» What the task requires: Leaving pictures aside, set down each line exactly, from the first line of the data to the line with "for name, color, linetype, lineweight", both included.
▽
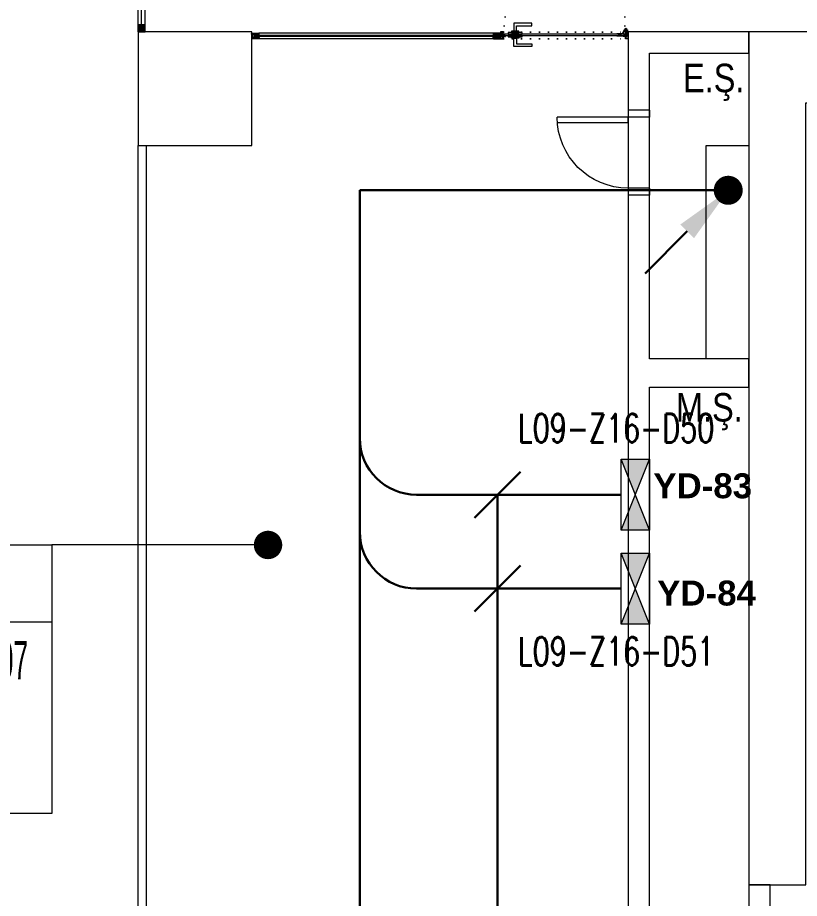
# Model space of a CAD drawing. Header units: metres. Extents: x -19121 to 152404, y -12107 to 46241.
# Drawn here: x 87575 to 88126, y 2670 to 3290 of the extents above; entities that cross this region are included whole.
import ezdxf
from ezdxf.enums import TextEntityAlignment as Align

# ---------------------------------------------------------------- set-up
doc = ezdxf.new("R2010")
doc.units = ezdxf.units.M
doc.header["$LTSCALE"] = 50
doc.header["$MEASUREMENT"] = 0
doc.linetypes.add('DASHDOT', pattern=[25.4, 12.7, -6.35, 0, -6.35])
doc.linetypes.add('DOT2', pattern=[0.125, 0, -0.125])
doc.layers.get('0').update_dxf_attribs({"color": 9, "lineweight": 9})
for name, color, linetype, lineweight in [('0 @ 1', 9, 'Continuous', 9), ('00', 9, 'Continuous', 9), ('01', 9, 'Continuous', 9), ('06C', 9, 'Continuous', 9), ('06D', 9, 'Continuous', 9), ('07K', 9, 'Continuous', 9), ('10', 9, 'Continuous', 9), ('15', 9, 'Continuous', 9), ('20', 9, 'DOT2', 9), ('21', 9, 'Continuous', 9), ('21_mahal200', 9, 'Continuous', 9), ('E-DEDEKTÖR NUMARALARI', 20, 'Continuous', 30), ('E-MODÜL HATTI', 6, 'Continuous', 30), ('E-OK', 3, 'Continuous', 30), ('E-YAZI', 7, 'Continuous', 30), ('EQ LIST', 7, 'Continuous', 9), ('H-DAMPER', 1, 'Continuous', 15)]:
    doc.layers.add(name, color=color, linetype=linetype, lineweight=lineweight)
doc.styles.add('Arial', font='arial.ttf', dxfattribs={"height": 2.5})
doc.styles.add('E-YAZI', font='txttw.shx', dxfattribs={"height": 200})
doc.styles.add('MuuM_TEXT-STANDART', font='ARIALN.TTF')
doc.styles.get("Standard").update_dxf_attribs({"font": 'ARIALN.TTF'})
doc.dimstyles.new('MuuM_DIM200', dxfattribs={"dimscale": 20, "dimtxt": 2, "dimasz": 1, "dimexe": 1, "dimexo": 1, "dimgap": 1, "dimtad": 1, "dimdec": 1, "dimrnd": 0.5, "dimdsep": 46, "dimtxsty": 'MuuM_TEXT-STANDART', "dimblk": 'ARCHTICK', "dimcen": 0, "dimdle": 0.15, "dimclrd": 256, "dimclre": 256, "dimclrt": 256, "dimadec": 0, "dimazin": 0, "dimtfac": 5, "dimtdec": 1, "dimtix": 1, "dimtmove": 2, "dimatfit": 3, "dimldrblk": 'DOT', "dimfxl": 3, "dimfxlon": 1, "dimtolj": 1, "dimlwd": -1, "dimlwe": -1, "dimarcsym": 0})
pattern_1 = [(225, (-604.72494, -2171.82614), (-0.0883883476, 0.0883883476), []), (135, (-604.72494, -2171.82614), (0.0883883476, 0.0883883476), [])]

# ---------------------------------------------------------------- blocks, each defined once
blk = doc.blocks.new('A$C7EAD5194')
h = blk.add_hatch(color=256)
h.paths.add_polyline_path([(-25, 10.01), (0, 0), (0, 20)])
h.paths.add_polyline_path([(-50, 20.01), (-50, 0.01), (-25, 10.01)])
for p, q in [((0, 0), (-50, 20.01)), ((0, 20), (-50, 0.01))]:
    blk.add_line(p, q)
blk.add_lwpolyline([(0, 20), (0, 0), (-50, 0.01), (-50, 20.01)], close=True)
blk = doc.blocks.new('*U239')
at = {"layer": 'E-OK', "color": 3, "linetype": 'Continuous'}
blk.add_line((84.9, 84.8), (172.1, 172), dxfattribs=at)
at = {"layer": 'E-OK', "color": 4, "linetype": 'Continuous', "const_width": 30}
blk.add_lwpolyline([(-15, 0, 1), (15, 0, 1)], format="xyb", close=True, dxfattribs=at)
at = {"layer": 'E-OK', "color": 3, "linetype": 'Continuous'}
blk.add_solid([(99, 70.7), (70.7, 99), (0, 0)], dxfattribs=at)
blk = doc.blocks.new('p-kolon_80x80')
blk.add_lwpolyline([(-40, -40), (40, -40), (40, 40), (-40, 40)], close=True)
blk = doc.blocks.new('1.Bod.Ara.Sitatik Elk')
at = {"layer": '01'}
blk.add_lwpolyline([(4130, -5950), (4130, -5950), (4130, -5950), (4130, -5400), (4400, -5400), (4400, -5950), (4400, -5950), (4400, -5950), (4440, -5950), (4440, -5350), (4090, -5350), (4090, -5950), (4130, -5950)], dxfattribs=at)
blk.add_blockref('p-kolon_80x80', (3700, -5390), dxfattribs=at)
blk = doc.blocks.new('_ArchTick')
at = {"color": 0, "linetype": 'ByBlock', "const_width": 0.15}
blk.add_lwpolyline([(-0.5, -0.5), (0.5, 0.5)], dxfattribs=at)
blk = doc.blocks.new('_Dot')
at = {"color": 0, "linetype": 'ByBlock', "lineweight": -2}
blk.add_line((-0.5, 0), (-1, 0), dxfattribs=at)
at = {"color": 0, "linetype": 'ByBlock', "const_width": 0.5}
blk.add_lwpolyline([(-0.25, 0, 1), (0.25, 0, 1)], format="xyb", close=True, dxfattribs=at)
blk = doc.blocks.new('0_roomno2')
blk.add_lwpolyline([(19.375, -10.5), (0, -10.5), (0, 0), (19.375, 0)], close=True)
for points in [[(0, -3), (19.375, -3)], [(8.125, -3), (8.125, -10.5)], [(11.875, -3), (11.875, -10.5)], [(15.625, -3), (15.625, -10.5)], [(0, -6.75), (8.125, -6.75)]]:
    blk.add_lwpolyline(points)
at = {"style": 'MuuM_TEXT-STANDART', "width": 0.6}
blk.add_text('H:', height=1.5, dxfattribs=at).set_placement((0.35, -8.608), align=Align.MIDDLE_LEFT)
at = {"style": 'Arial'}
blk.add_attdef('ODANO', (0, 1.17), '', height=2, dxfattribs=at)
blk.add_attdef('MEKANADI', text='', height=2, dxfattribs=at).set_placement((0.35, -3), align=Align.BOTTOM_LEFT)
at = {"style": 'MuuM_TEXT-STANDART', "width": 0.6}
for tag, p in [('YER01', (10, -4.5)), ('TAVAN01', (13.75, -4.5)), ('DUVAR01', (17.5, -4.5)), ('YER02', (10, -6.75)), ('TAVAN02', (13.75, -6.75)), ('DUVAR02', (17.5, -6.75)), ('YER03', (10, -9)), ('TAVAN03', (13.75, -9)), ('DUVAR03', (17.5, -9))]:
    blk.add_attdef(tag, text='', height=1.5, dxfattribs=at).set_placement(p, align=Align.MIDDLE_CENTER)
for tag, p in [('M2', (0.35, -4.875)), ('TEMIZTAVANYUKSEKLIGI', (1.8, -8.608))]:
    blk.add_attdef(tag, text='', height=1.5, dxfattribs=at).set_placement(p, align=Align.MIDDLE_LEFT)
blk = doc.blocks.new('prf-10x10')
blk.add_lwpolyline([(-5, -5), (5, -5), (5, 5), (-5, 5)], close=True)
at = {"color": 255}
blk.add_solid([(-5, -5), (5, -5), (-5, 5), (5, 5)], dxfattribs=at)
at = {"layer": '10'}
blk.add_point((0, 0), dxfattribs=at)
blk = doc.blocks.new('p-dog-ser-720')
at = {"layer": '06D'}
for points in [[(0, 0), (0, 715)], [(5, 0), (5, 715)]]:
    blk.add_lwpolyline(points, dxfattribs=at)
at = {"layer": '15'}
blk.add_lwpolyline([(2.5, 0), (2.5, 715)], dxfattribs=at)
at = {"layer": '10', "xscale": 0.5, "yscale": 0.5, "rotation": 180}
for p in [(2.5, 717.5), (2.5, 600), (2.5, 480), (2.5, 360), (2.5, 240), (2.5, 120), (2.5, 2.5)]:
    blk.add_blockref('prf-10x10', p, dxfattribs=at)
blk = doc.blocks.new('g-kapı kolu-p')
for points in [[(11.85, 8.21), (-0.95, 8.21), (-0.95, 2.41), (0.95, 2.41), (0.95, 6.31), (11.85, 6.31), (11.85, 8.21)], [(11.85, -8.21), (-0.95, -8.21), (-0.95, -2.41), (0.95, -2.41), (0.95, -6.31), (11.85, -6.31), (11.85, -8.21)]]:
    blk.add_lwpolyline(points)
for points in [[(-5, 0.5), (5, 0.5), (5, 1.5), (-5, 1.5)], [(-2.65, 1.5), (2.65, 1.5), (2.65, 2.41), (-2.65, 2.41)], [(-5, -1.5), (5, -1.5), (5, -0.5), (-5, -0.5)], [(-2.65, -1.5), (2.65, -1.5), (2.65, -2.41), (-2.65, -2.41)]]:
    blk.add_lwpolyline(points, close=True)
blk = doc.blocks.new('k-cambölme-kapı-p')
at = {"layer": '10'}
h = blk.add_hatch(dxfattribs=at)
h.set_pattern_fill('NET', color=256, angle=135, style=0)
h.set_pattern_definition([(135, (3753.7029, 560.85184), (-0.0883883476, -0.0883883476), []), (225, (3753.7029, 560.85184), (0.0883883476, -0.0883883476), [])])
h.paths.add_polyline_path([(2.08, -0.06), (2.08, 0.02), (2.07, 0.04), (2.05, 0.07), (2.01, 0.09), (1.98, 0.1), (1.97, 0.1), (1.97, -0.29), (1.94, -0.29), (1.94, -0.43), (1.88, -0.49), (1.67, -0.49), (1.82, -0.29), (1.73, -0.29), (1.53, -0.5), (1.44, -0.5), (1.62, -0.32), (1.62, -0.29), (1.51, -0.29), (1.34, -0.42), (1.32, -0.44), (1.3, -0.48), (1.29, -0.51), (1.26, -0.57), (1.26, -0.31), (1.32, -0.29), (1.23, -0.29), (1.23, -0.53), (1.23, -0.59), (1.24, -0.62), (1.26, -0.64), (3.47, -0.64), (3.47, -0.58), (3.38, -0.35), (3.38, -0.3), (3.42, -0.25), (3.42, -0.2), (3.38, -0.16), (2.73, -0.16), (2.74, -0.2), (2.91, -0.2, -1), (2.91, -0.25)])
h.paths.add_polyline_path([(2.05, -0.18), (2.05, -0.21), (2.08, -0.23), (2.11, -0.24), (2.15, -0.25), (2.95, -0.27), (2.92, -0.29), (2.55, -0.29), (2.54, -0.31), (2.52, -0.33), (2.5, -0.34), (2.48, -0.34), (2.46, -0.34), (2.44, -0.32), (2.42, -0.3), (2.08, -0.3), (1.99, -0.11), (1.99, -0.07), (2.05, -0.07)], flags=16)
h.paths.add_polyline_path([(2.41, -0.34), (2.51, -0.5), (2.08, -0.5), (2.08, -0.34)], flags=16)
h.paths.add_polyline_path([(2.55, -0.33), (2.89, -0.33), (2.94, -0.33), (3.28, -0.34, 0.166992), (3.34, -0.55), (2.72, -0.55), (2.55, -0.36)], flags=16)
h.paths.add_polyline_path([(3.02, -0.22), (3.02, -0.2), (3.33, -0.2, 0.10606), (3.29, -0.33), (3.01, -0.27)], flags=16)
h = blk.add_hatch(dxfattribs=at)
h.set_pattern_fill('NET', color=256, angle=135, style=0)
h.set_pattern_definition([(45, (474.94443, 2280.71206), (0.0883883476, -0.0883883476), []), (315, (474.94443, 2280.71206), (-0.0883883476, -0.0883883476), [])])
h.paths.add_polyline_path([(87.27, -0.16), (87.26, -0.2), (87.09, -0.2, 1), (87.09, -0.25), (87.92, -0.25), (87.92, -0.01), (87.93, 0.03), (87.96, 0.05), (88, 0.07), (88.03, 0.07), (88.03, -0.29), (88.06, -0.29), (88.06, -0.43), (88.12, -0.49), (88.33, -0.49), (88.18, -0.29), (88.27, -0.29), (88.47, -0.5), (88.56, -0.5), (88.38, -0.32), (88.38, -0.29), (88.49, -0.29), (88.66, -0.42), (88.68, -0.44), (88.7, -0.48), (88.71, -0.51), (88.74, -0.57), (88.74, -0.31), (88.68, -0.29), (88.77, -0.29), (88.77, -0.53), (88.77, -0.59), (88.76, -0.62), (88.74, -0.64), (86.53, -0.64), (86.53, -0.58), (86.62, -0.35), (86.62, -0.3), (86.58, -0.25), (86.58, -0.2), (86.62, -0.16)])
h.paths.add_polyline_path([(87.28, -0.55), (87.45, -0.36), (87.45, -0.33), (87.11, -0.33), (87.06, -0.33), (87.03, -0.31), (86.99, -0.27), (86.98, -0.22), (86.98, -0.2), (86.67, -0.2, -0.292264), (86.66, -0.55)], flags=16)
h.paths.add_polyline_path([(87.48, -0.51), (87.59, -0.51), (87.53, -0.43)], flags=16)
h.paths.add_polyline_path([(87.56, -0.4), (87.69, -0.5), (87.92, -0.5), (87.92, -0.34), (87.59, -0.34)], flags=16)
h.paths.add_polyline_path([(87.62, -0.53), (87.71, -0.62), (87.71, -0.53)], flags=16)
for points in [[(1.97, -0.29), (1.97, 2.13), (2.05, 2.13), (2.05, 2.28, 0.414214), (1.89, 2.44), (0.08, 2.44, 0.414214), (0, 2.36), (0, -2.36, 0.414214), (0.08, -2.44), (2.05, -2.44), (2.05, -2.25), (2.05, -2.23), (2.05, -2.23), (2.05, -2.23), (2.05, -2.23), (2.05, -2.23), (2.05, -0.89)], [(88.03, -0.29), (88.03, 2.13), (87.95, 2.13), (87.95, 2.28, -0.414214), (88.11, 2.44), (89.92, 2.44, -0.414214), (90, 2.36), (90, -2.36, -0.414214), (89.92, -2.44), (87.95, -2.44), (87.95, -2.25), (87.95, -2.23), (87.95, -2.23), (87.95, -2.23), (87.95, -2.23), (87.95, -2.23), (87.95, -0.89)], [(1.51, -0.29), (1.34, -0.42), (1.32, -0.44), (1.3, -0.48), (1.29, -0.51), (1.26, -0.57), (1.26, -0.31), (1.32, -0.29), (1.23, -0.29), (1.23, -0.53), (1.23, -0.59), (1.24, -0.62), (1.26, -0.64), (3.47, -0.64), (3.47, -0.58), (3.38, -0.35), (3.38, -0.3), (3.42, -0.25), (3.42, -0.2), (3.38, -0.16), (2.73, -0.16), (2.74, -0.2), (2.91, -0.2, -1), (2.91, -0.25, -1)], [(88.49, -0.29), (88.66, -0.42), (88.68, -0.44), (88.7, -0.48), (88.71, -0.51), (88.74, -0.57), (88.74, -0.31), (88.68, -0.29), (88.77, -0.29), (88.77, -0.53), (88.77, -0.59), (88.76, -0.62), (88.74, -0.64), (86.53, -0.64), (86.53, -0.58), (86.62, -0.35), (86.62, -0.3), (86.58, -0.25), (86.58, -0.2), (86.62, -0.16), (87.27, -0.16), (87.26, -0.2), (87.09, -0.2, 1), (87.09, -0.25, 1)], [(86.66, -0.55), (87.28, -0.55), (87.45, -0.36), (87.45, -0.33), (87.11, -0.33), (87.06, -0.33), (87.03, -0.31), (86.99, -0.27), (86.98, -0.22), (86.98, -0.2), (86.67, -0.2, 1)]]:
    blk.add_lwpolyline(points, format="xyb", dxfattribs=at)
△
» Written answer:
# Model space of a CAD drawing. Header units: metres. Extents: x -19121 to 152404, y -12107 to 46241.
# Drawn here: x 87575 to 88126, y 2670 to 3290 of the extents above; entities that cross this region are included whole.
import ezdxf
from ezdxf.enums import TextEntityAlignment as Align

# ---------------------------------------------------------------- set-up
doc = ezdxf.new("R2010")
doc.units = ezdxf.units.M
doc.header["$LTSCALE"] = 50
doc.header["$MEASUREMENT"] = 0
doc.linetypes.add('DASHDOT', pattern=[25.4, 12.7, -6.35, 0, -6.35])
doc.linetypes.add('DOT2', pattern=[0.125, 0, -0.125])
doc.layers.get('0').update_dxf_attribs({"color": 9, "lineweight": 9})
for name, color, linetype, lineweight in [('0 @ 1', 9, 'Continuous', 9), ('00', 9, 'Continuous', 9), ('01', 9, 'Continuous', 9), ('06C', 9, 'Continuous', 9), ('06D', 9, 'Continuous', 9), ('07K', 9, 'Continuous', 9), ('10', 9, 'Continuous', 9), ('15', 9, 'Continuous', 9), ('20', 9, 'DOT2', 9), ('21', 9, 'Continuous', 9), ('21_mahal200', 9, 'Continuous', 9), ('E-DEDEKTÖR NUMARALARI', 20, 'Continuous', 30), ('E-MODÜL HATTI', 6, 'Continuous', 30), ('E-OK', 3, 'Continuous', 30), ('E-YAZI', 7, 'Continuous', 30), ('EQ LIST', 7, 'Continuous', 9), ('H-DAMPER', 1, 'Continuous', 15)]:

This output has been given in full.